Lake Urmia: Near Total Death

The catastrophe is equally visible in the northwest, where Lake Urmia—once the Middle East’s largest salt lake—is on the verge of disappearing entirely. The Lake Urmia Restoration Headquarters announced on November 11 that, water volume has fallen below 40 million cubic meters, less than one percent of the lake’s natural capacity.

With the regime’s Ministry of Energy allocating less than 10 percent of the lake’s legally mandated water share, recovery is virtually impossible. According to Saeed Issa-Pour of the Restoration Headquarters, reduced rainfall accounts for only 20–30 percent of the crisis; the main culprits are agricultural over-extraction and destructive dam-building policies.

The lake is now a salt flat—a ghost of what it once was—and a reminder of how state policies can kill an entire ecosystem.

Shadgan Wetland: A Ramsar Site Reduced to Dust

In the south, the internationally recognized Shadegan Wetland—home to dozens of rare migratory bird species—has lost 58 percent of its freshwater sections, with western and southern areas almost entirely dry. The wetland received only half of its required water this year, leaving its ecological collapse on full display through satellite imagery.

The disappearance of Shadegan is a devastating blow to biodiversity, local livelihoods, and Iran’s obligations under the international Ramsar Convention. Its decline is a symbol of nationwide environmental neglect and corruption.

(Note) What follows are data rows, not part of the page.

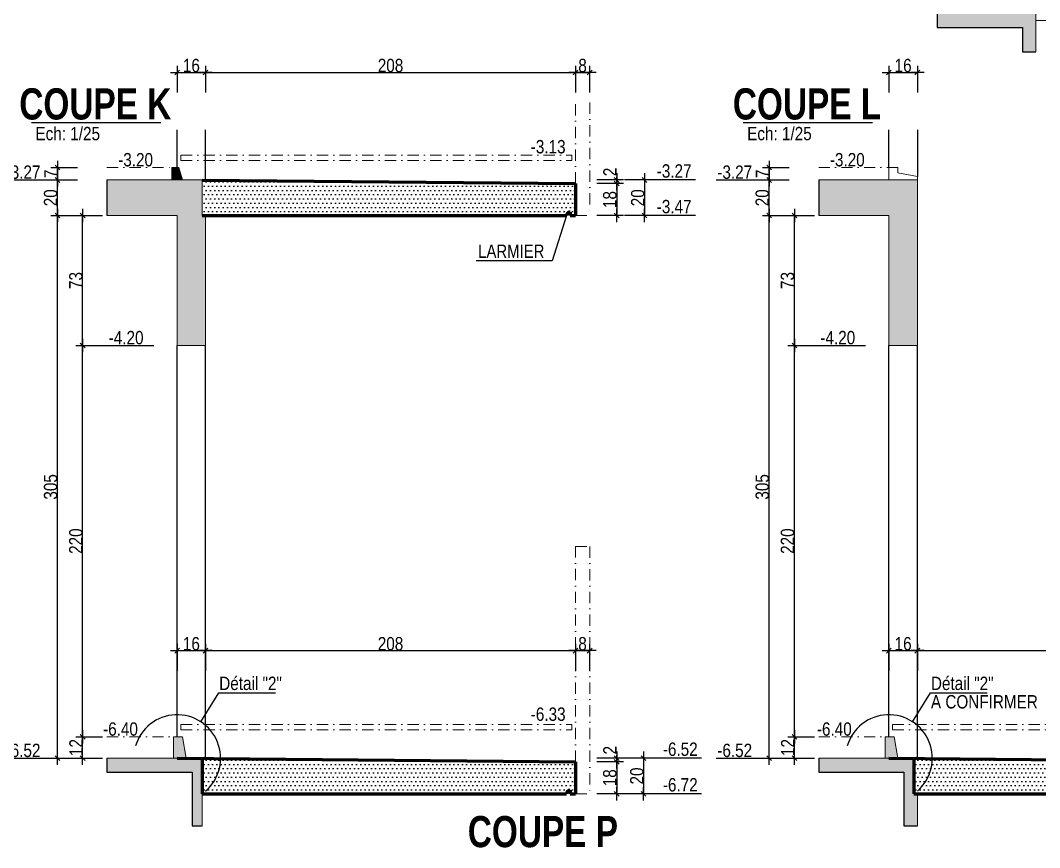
# Model space of a CAD drawing. Header units: millimetres. Extents: x 2049 to 9471, y -43633 to -39431.
# Drawn here: x 7415 to 8562, y -41977 to -41047 of the extents above; entities that cross this region are included whole.
import ezdxf
from ezdxf.enums import TextEntityAlignment as Align

# ---------------------------------------------------------------- set-up
doc = ezdxf.new("R2010")
doc.units = ezdxf.units.MM
doc.linetypes.add('TIRETPTX2', pattern=[50.8, 25.4, -12.7, 0, -12.7])
for name, color, linetype in [('01_cote_gen', 4, 'Continuous'), ('01_linteaux', 2, 'Continuous'), ('01_poch_BN', 9, 'Continuous'), ('01_texte', 230, 'Continuous'), ('AA_COTES', 2, 'Continuous')]:
    doc.layers.add(name, color=color, linetype=linetype)
doc.layers.add('01_murs_coup', color=5, linetype='Continuous', lineweight=60)
doc.layers.add('01_tram_axes', color=2, linetype='TIRETPTX2', lineweight=9)
doc.styles.add('ARIAL NA', font='ARIALN.TTF')
doc.styles.add('impact', font='impact.ttf')
doc.styles.add('MATTE_TXT', font='arial.ttf')
doc.styles.add('STYLE2', font='ARIALN.TTF')
doc.dimstyles.new('JB25', dxfattribs={"dimscale": 0.1, "dimtxt": 150, "dimasz": 15, "dimexe": 0.1, "dimexo": 0.1, "dimgap": 0.09, "dimtad": 1, "dimdec": 1, "dimlfac": 0.5, "dimdsep": 46, "dimtxsty": 'STYLE2', "dimblk1": 'BOND_G', "dimblk2": 'BOND_D', "dimsah": 1, "dimcen": 1.5, "dimdle": 0.01, "dimse1": 1, "dimse2": 1, "dimclrd": 4, "dimclre": 2, "dimclrt": 6, "dimazin": 2, "dimtfac": 2.333333, "dimtdec": 1, "dimtix": 1, "dimtmove": 2, "dimatfit": 3, "dimldrblk": 'BOND_G', "dimfxl": 1, "dimtolj": 1, "dimtzin": 0, "dimarcsym": 0})

# ---------------------------------------------------------------- blocks, each defined once
blk = doc.blocks.new('BOND_G')
at = {"layer": 'AA_COTES', "color": 0}
for p, q in [((0, -5), (0, 15)), ((5, 0), (-5, 0)), ((1.77, 1.77), (-1.77, -1.77))]:
    blk.add_line(p, q, dxfattribs=at)
blk = doc.blocks.new('BOND_D')
at = {"layer": 'AA_COTES', "color": 0}
for p, q in [((5, 0), (-5, 0)), ((-1.77, -1.77), (1.77, 1.77)), ((0, 5), (0, -15))]:
    blk.add_line(p, q, dxfattribs=at)
blk = doc.blocks.new('*D4693')
at = {"layer": '01_cote_gen', "color": 4, "lineweight": -2, "ltscale": 200, "transparency": 16777216}
blk.add_line((7457, -41875.3), (7457, -41268.3), dxfattribs=at)
at = {"layer": 'Defpoints', "color": 0, "ltscale": 200, "transparency": 16777216}
for p in [(7457, -41266.8), (7512.7, -41266.8), (7479.5, -41876.8)]:
    blk.add_point(p, dxfattribs=at)
at = {"layer": '01_cote_gen', "color": 4, "lineweight": -2, "ltscale": 200, "transparency": 16777216, "xscale": 1.5, "yscale": 1.5, "zscale": 1.5}
for name, p, rotation in [('BOND_D', (7457, -41266.8), 90), ('BOND_G', (7457, -41876.8), 270)]:
    blk.add_blockref(name, p, dxfattribs=dict(at, rotation=rotation))
at = {"layer": '01_cote_gen', "color": 6, "ltscale": 200, "transparency": 16777216, "insert": (7449.3, -41571.8), "char_height": 15, "attachment_point": 5, "rotation": 90, "style": 'STYLE2'}
blk.add_mtext('\\A1;305', dxfattribs=at)
blk = doc.blocks.new('*D4688')
at = {"layer": '01_cote_gen', "color": 4, "lineweight": -2, "ltscale": 200, "transparency": 16777216}
blk.add_line((7457, -41265.3), (7457, -41228.3), dxfattribs=at)
at = {"layer": 'Defpoints', "color": 0, "ltscale": 200, "transparency": 16777216}
for p in [(7457, -41226.8), (7471.8, -41226.8), (7471.8, -41266.8)]:
    blk.add_point(p, dxfattribs=at)
at = {"layer": '01_cote_gen', "color": 4, "lineweight": -2, "ltscale": 200, "transparency": 16777216, "xscale": 1.5, "yscale": 1.5, "zscale": 1.5}
for name, p, rotation in [('BOND_D', (7457, -41226.8), 90), ('BOND_G', (7457, -41266.8), 270)]:
    blk.add_blockref(name, p, dxfattribs=dict(at, rotation=rotation))
at = {"layer": '01_cote_gen', "color": 6, "ltscale": 200, "transparency": 16777216, "insert": (7449.3, -41246.8), "char_height": 15, "attachment_point": 5, "rotation": 90, "style": 'STYLE2'}
blk.add_mtext('\\A1;20', dxfattribs=at)
blk = doc.blocks.new('*D4689')
at = {"layer": '01_cote_gen', "color": 4, "lineweight": -2, "ltscale": 200, "transparency": 16777216}
blk.add_line((7485.3, -41875.3), (7485.3, -41854.3), dxfattribs=at)
at = {"layer": 'Defpoints', "color": 0, "ltscale": 200, "transparency": 16777216}
for p in [(7475, -41852.8), (7485.3, -41852.8), (7475, -41876.8)]:
    blk.add_point(p, dxfattribs=at)
at = {"layer": '01_cote_gen', "color": 4, "lineweight": -2, "ltscale": 200, "transparency": 16777216, "xscale": 1.5, "yscale": 1.5, "zscale": 1.5}
for name, p, rotation in [('BOND_D', (7485.3, -41852.8), 90), ('BOND_G', (7485.3, -41876.8), 270)]:
    blk.add_blockref(name, p, dxfattribs=dict(at, rotation=rotation))
at = {"layer": '01_cote_gen', "color": 6, "ltscale": 200, "transparency": 16777216, "insert": (7477.8, -41864.8), "char_height": 15, "attachment_point": 5, "rotation": 90, "style": 'STYLE2'}
blk.add_mtext('\\A1;12', dxfattribs=at)
blk = doc.blocks.new('*D4690')
at = {"layer": '01_cote_gen', "color": 4, "lineweight": -2, "ltscale": 200, "transparency": 16777216}
blk.add_line((7457, -41225.3), (7457, -41214.3), dxfattribs=at)
at = {"layer": 'Defpoints', "color": 0, "ltscale": 200, "transparency": 16777216}
for p in [(7456, -41212.8), (7457, -41212.8), (7456, -41226.8)]:
    blk.add_point(p, dxfattribs=at)
at = {"layer": '01_cote_gen', "color": 4, "lineweight": -2, "ltscale": 200, "transparency": 16777216, "xscale": 1.5, "yscale": 1.5, "zscale": 1.5}
for name, p, rotation in [('BOND_D', (7457, -41212.8), 90), ('BOND_G', (7457, -41226.8), 270)]:
    blk.add_blockref(name, p, dxfattribs=dict(at, rotation=rotation))
at = {"layer": '01_cote_gen', "color": 6, "ltscale": 200, "transparency": 16777216, "insert": (7449.5, -41219.8), "char_height": 15, "attachment_point": 5, "rotation": 90, "style": 'STYLE2'}
blk.add_mtext('\\A1;7', dxfattribs=at)
blk = doc.blocks.new('*D4694')
at = {"layer": '01_cote_gen', "color": 4, "lineweight": -2, "ltscale": 200, "transparency": 16777216}
blk.add_line((7485.3, -41851.3), (7485.3, -41414.3), dxfattribs=at)
at = {"layer": 'Defpoints', "color": 0, "ltscale": 200, "transparency": 16777216}
for p in [(7485.3, -41412.8), (7591.6, -41412.8), (7482.4, -41852.8)]:
    blk.add_point(p, dxfattribs=at)
at = {"layer": '01_cote_gen', "color": 4, "lineweight": -2, "ltscale": 200, "transparency": 16777216, "xscale": 1.5, "yscale": 1.5, "zscale": 1.5}
for name, p, rotation in [('BOND_D', (7485.3, -41412.8), 90), ('BOND_G', (7485.3, -41852.8), 270)]:
    blk.add_blockref(name, p, dxfattribs=dict(at, rotation=rotation))
at = {"layer": '01_cote_gen', "color": 6, "ltscale": 200, "transparency": 16777216, "insert": (7477.7, -41632.8), "char_height": 15, "attachment_point": 5, "rotation": 90, "style": 'STYLE2'}
blk.add_mtext('\\A1;220', dxfattribs=at)
blk = doc.blocks.new('*D4691')
at = {"layer": '01_cote_gen', "color": 4, "lineweight": -2, "ltscale": 200, "transparency": 16777216}
blk.add_line((7485.3, -41411.3), (7485.3, -41268.3), dxfattribs=at)
at = {"layer": 'Defpoints', "color": 0, "ltscale": 200, "transparency": 16777216}
for p in [(7485.3, -41266.8), (7566, -41266.8), (7586, -41412.8)]:
    blk.add_point(p, dxfattribs=at)
at = {"layer": '01_cote_gen', "color": 4, "lineweight": -2, "ltscale": 200, "transparency": 16777216, "xscale": 1.5, "yscale": 1.5, "zscale": 1.5}
for name, p, rotation in [('BOND_D', (7485.3, -41266.8), 90), ('BOND_G', (7485.3, -41412.8), 270)]:
    blk.add_blockref(name, p, dxfattribs=dict(at, rotation=rotation))
at = {"layer": '01_cote_gen', "color": 6, "ltscale": 200, "transparency": 16777216, "insert": (7477.7, -41339.8), "char_height": 15, "attachment_point": 5, "rotation": 90, "style": 'STYLE2'}
blk.add_mtext('\\A1;73', dxfattribs=at)
blk = doc.blocks.new('*D4696')
at = {"layer": '01_cote_gen', "color": 4, "lineweight": -2, "ltscale": 0.1, "transparency": 16777216}
blk.add_line((8117.4, -41228.3), (8117.4, -41265.3), dxfattribs=at)
at = {"layer": 'Defpoints', "color": 0, "ltscale": 0.1, "transparency": 16777216}
for p in [(7582.9, -41226.8), (7622.1, -41266.8), (8117.4, -41266.8)]:
    blk.add_point(p, dxfattribs=at)
at = {"layer": '01_cote_gen', "color": 4, "lineweight": -2, "ltscale": 0.1, "transparency": 16777216, "xscale": 1.5, "yscale": 1.5, "zscale": 1.5}
for name, p, rotation in [('BOND_G', (8117.4, -41226.8), 90), ('BOND_D', (8117.4, -41266.8), 270)]:
    blk.add_blockref(name, p, dxfattribs=dict(at, rotation=rotation))
at = {"layer": '01_cote_gen', "color": 6, "ltscale": 0.1, "transparency": 16777216, "insert": (8109.7, -41246.8), "char_height": 15, "attachment_point": 5, "rotation": 90, "style": 'STYLE2'}
blk.add_mtext('\\A1;20', dxfattribs=at)
blk = doc.blocks.new('*D4697')
at = {"layer": '01_cote_gen', "color": 4, "lineweight": -2, "ltscale": 0.1, "transparency": 16777216}
blk.add_line((8086, -41232.3), (8086, -41265.3), dxfattribs=at)
at = {"layer": 'Defpoints', "color": 0, "ltscale": 0.1, "transparency": 16777216}
for p in [(8070.9, -41230.8), (8014.9, -41266.8), (8086, -41266.8)]:
    blk.add_point(p, dxfattribs=at)
at = {"layer": '01_cote_gen', "color": 4, "lineweight": -2, "ltscale": 0.1, "transparency": 16777216, "xscale": 1.5, "yscale": 1.5, "zscale": 1.5}
for name, p, rotation in [('BOND_G', (8086, -41230.8), 90), ('BOND_D', (8086, -41266.8), 270)]:
    blk.add_blockref(name, p, dxfattribs=dict(at, rotation=rotation))
at = {"layer": '01_cote_gen', "color": 6, "ltscale": 0.1, "transparency": 16777216, "insert": (8078.3, -41248.8), "char_height": 15, "attachment_point": 5, "rotation": 90, "style": 'STYLE2'}
blk.add_mtext('\\A1;18', dxfattribs=at)
blk = doc.blocks.new('*D4692')
at = {"layer": '01_cote_gen', "color": 4, "lineweight": -2, "ltscale": 0.1, "transparency": 16777216}
blk.add_line((8086, -41228.3), (8086, -41229.3), dxfattribs=at)
at = {"layer": 'Defpoints', "color": 0, "ltscale": 0.1, "transparency": 16777216}
for p in [(8094.2, -41226.8), (8086, -41230.8), (8093.5, -41230.8)]:
    blk.add_point(p, dxfattribs=at)
at = {"layer": '01_cote_gen', "color": 4, "lineweight": -2, "ltscale": 0.1, "transparency": 16777216, "xscale": 1.5, "yscale": 1.5, "zscale": 1.5}
for name, p, rotation in [('BOND_G', (8086, -41226.8), 90), ('BOND_D', (8086, -41230.8), 270)]:
    blk.add_blockref(name, p, dxfattribs=dict(at, rotation=rotation))
at = {"layer": '01_cote_gen', "color": 6, "ltscale": 0.1, "transparency": 16777216, "insert": (8078.4, -41217.8), "char_height": 15, "attachment_point": 5, "rotation": 90, "style": 'STYLE2'}
blk.add_mtext('\\A1;2', dxfattribs=at)
blk = doc.blocks.new('*D4698')
at = {"layer": '01_cote_gen', "color": 4, "lineweight": -2, "ltscale": 0.1, "transparency": 16777216}
blk.add_line((7625.1, -41105.9), (8038.1, -41105.9), dxfattribs=at)
at = {"layer": 'Defpoints', "color": 0, "ltscale": 0.1, "transparency": 16777216}
for p in [(8039.6, -41105.9), (7623.6, -41128.4), (8039.6, -41196.6)]:
    blk.add_point(p, dxfattribs=at)
at = {"layer": '01_cote_gen', "color": 4, "lineweight": -2, "ltscale": 0.1, "transparency": 16777216, "xscale": 1.5, "yscale": 1.5, "zscale": 1.5, "rotation": 180}
blk.add_blockref('BOND_G', (7623.6, -41105.9), dxfattribs=at)
at = {"layer": '01_cote_gen', "color": 4, "lineweight": -2, "ltscale": 0.1, "transparency": 16777216, "xscale": 1.5, "yscale": 1.5, "zscale": 1.5}
blk.add_blockref('BOND_D', (8039.6, -41105.9), dxfattribs=at)
at = {"layer": '01_cote_gen', "color": 6, "ltscale": 0.1, "transparency": 16777216, "insert": (7831.6, -41098.2), "char_height": 15, "attachment_point": 5, "style": 'STYLE2'}
blk.add_mtext('\\A1;208', dxfattribs=at)
blk = doc.blocks.new('*D4699')
at = {"layer": '01_cote_gen', "color": 4, "lineweight": -2, "ltscale": 0.1, "transparency": 16777216}
blk.add_line((8041.1, -41105.9), (8054.1, -41105.9), dxfattribs=at)
at = {"layer": 'Defpoints', "color": 0, "ltscale": 0.1, "transparency": 16777216}
for p in [(8055.6, -41105.9), (8039.6, -41113.4), (8055.6, -41196.6)]:
    blk.add_point(p, dxfattribs=at)
at = {"layer": '01_cote_gen', "color": 4, "lineweight": -2, "ltscale": 0.1, "transparency": 16777216, "xscale": 1.5, "yscale": 1.5, "zscale": 1.5, "rotation": 180}
blk.add_blockref('BOND_G', (8039.6, -41105.9), dxfattribs=at)
at = {"layer": '01_cote_gen', "color": 4, "lineweight": -2, "ltscale": 0.1, "transparency": 16777216, "xscale": 1.5, "yscale": 1.5, "zscale": 1.5}
blk.add_blockref('BOND_D', (8055.6, -41105.9), dxfattribs=at)
at = {"layer": '01_cote_gen', "color": 6, "ltscale": 0.1, "transparency": 16777216, "insert": (8047.6, -41098.2), "char_height": 15, "attachment_point": 5, "style": 'STYLE2'}
blk.add_mtext('\\A1;8', dxfattribs=at)
blk = doc.blocks.new('*D4695')
at = {"layer": '01_cote_gen', "color": 4, "lineweight": -2, "ltscale": 200, "transparency": 16777216}
blk.add_line((7593.1, -41105.9), (7622.1, -41105.9), dxfattribs=at)
at = {"layer": 'Defpoints', "color": 0, "ltscale": 200, "transparency": 16777216}
for p in [(7623.6, -41105.9), (7591.6, -41170.4), (7623.6, -41170.4)]:
    blk.add_point(p, dxfattribs=at)
at = {"layer": '01_cote_gen', "color": 4, "lineweight": -2, "ltscale": 200, "transparency": 16777216, "xscale": 1.5, "yscale": 1.5, "zscale": 1.5, "rotation": 180}
blk.add_blockref('BOND_G', (7591.6, -41105.9), dxfattribs=at)
at = {"layer": '01_cote_gen', "color": 4, "lineweight": -2, "ltscale": 200, "transparency": 16777216, "xscale": 1.5, "yscale": 1.5, "zscale": 1.5}
blk.add_blockref('BOND_D', (7623.6, -41105.9), dxfattribs=at)
at = {"layer": '01_cote_gen', "color": 6, "ltscale": 200, "transparency": 16777216, "insert": (7607.6, -41098.2), "char_height": 15, "attachment_point": 5, "style": 'STYLE2'}
blk.add_mtext('\\A1;16', dxfattribs=at)
blk = doc.blocks.new('*D4701')
at = {"layer": '01_cote_gen', "color": 4, "lineweight": -2, "transparency": 16777216}
blk.add_line((7593.1, -41755.9), (7622.1, -41755.9), dxfattribs=at)
at = {"layer": 'Defpoints', "color": 0, "transparency": 16777216}
for p in [(7591.6, -41756.3), (7623.6, -41755.9), (7623.6, -41756.3)]:
    blk.add_point(p, dxfattribs=at)
at = {"layer": '01_cote_gen', "color": 4, "lineweight": -2, "transparency": 16777216, "xscale": 1.5, "yscale": 1.5, "zscale": 1.5, "rotation": 180}
blk.add_blockref('BOND_G', (7591.6, -41755.9), dxfattribs=at)
at = {"layer": '01_cote_gen', "color": 4, "lineweight": -2, "transparency": 16777216, "xscale": 1.5, "yscale": 1.5, "zscale": 1.5}
blk.add_blockref('BOND_D', (7623.6, -41755.9), dxfattribs=at)
at = {"layer": '01_cote_gen', "color": 6, "lineweight": 0, "transparency": 16777216, "insert": (7607.6, -41748.2), "char_height": 15, "attachment_point": 5, "style": 'STYLE2'}
blk.add_mtext('\\A1;16', dxfattribs=at)
blk = doc.blocks.new('*D4703')
at = {"layer": '01_cote_gen', "color": 4, "lineweight": -2, "ltscale": 0.1, "transparency": 16777216}
blk.add_line((8086, -41882.3), (8086, -41915.3), dxfattribs=at)
at = {"layer": 'Defpoints', "color": 0, "ltscale": 0.1, "transparency": 16777216}
for p in [(8070.9, -41880.8), (8014.9, -41916.8), (8086, -41916.8)]:
    blk.add_point(p, dxfattribs=at)
at = {"layer": '01_cote_gen', "color": 4, "lineweight": -2, "ltscale": 0.1, "transparency": 16777216, "xscale": 1.5, "yscale": 1.5, "zscale": 1.5}
for name, p, rotation in [('BOND_G', (8086, -41880.8), 90), ('BOND_D', (8086, -41916.8), 270)]:
    blk.add_blockref(name, p, dxfattribs=dict(at, rotation=rotation))
at = {"layer": '01_cote_gen', "color": 6, "ltscale": 0.1, "transparency": 16777216, "insert": (8078.3, -41898.8), "char_height": 15, "attachment_point": 5, "rotation": 90, "style": 'STYLE2'}
blk.add_mtext('\\A1;18', dxfattribs=at)
blk = doc.blocks.new('*D4702')
at = {"layer": '01_cote_gen', "color": 4, "lineweight": -2, "ltscale": 0.1, "transparency": 16777216}
blk.add_line((8086, -41878.3), (8086, -41879.3), dxfattribs=at)
at = {"layer": 'Defpoints', "color": 0, "ltscale": 0.1, "transparency": 16777216}
for p in [(8086, -41880.8), (8093.5, -41880.8), (8094.2, -41876.8)]:
    blk.add_point(p, dxfattribs=at)
at = {"layer": '01_cote_gen', "color": 4, "lineweight": -2, "ltscale": 0.1, "transparency": 16777216, "xscale": 1.5, "yscale": 1.5, "zscale": 1.5}
for name, p, rotation in [('BOND_G', (8086, -41876.8), 90), ('BOND_D', (8086, -41880.8), 270)]:
    blk.add_blockref(name, p, dxfattribs=dict(at, rotation=rotation))
at = {"layer": '01_cote_gen', "color": 6, "ltscale": 0.1, "transparency": 16777216, "insert": (8078.4, -41867.8), "char_height": 15, "attachment_point": 5, "rotation": 90, "style": 'STYLE2'}
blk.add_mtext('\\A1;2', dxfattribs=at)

A Crisis No Longer Reversible

Environmental experts stress that Iran’s situation has moved beyond emergency and into collapse. The combination of climate vulnerability and catastrophic governance has created a reality in which even long-term, well-designed reforms may come too late. Decades of over-extraction, poor agricultural policy, lack of enforcement, unregulated industrial waste, political prioritization of short-term interests, and entrenched corruption have pushed the country to a point where recovering lost lakes, rivers, and wetlands may no longer be feasible.

The Future: Migration, Instability, and Economic Decline

Environmental collapse is no longer a distant threat. It is now one of the greatest national security challenges facing Iran—one that could trigger mass displacement, unemployment, and economic breakdown on a scale unseen in modern Iranian history.

In a nation where governance has consistently prioritized ideology and profit networks over science and sustainability, Iran’s water bankruptcy is not an accident. It is the predictable result of decades of destructive decisions.

And unless this cycle of mismanagement and corruption ends, the map of Iran—its lakes, wetlands, cities, and even its population centers—may look very different in the years to come.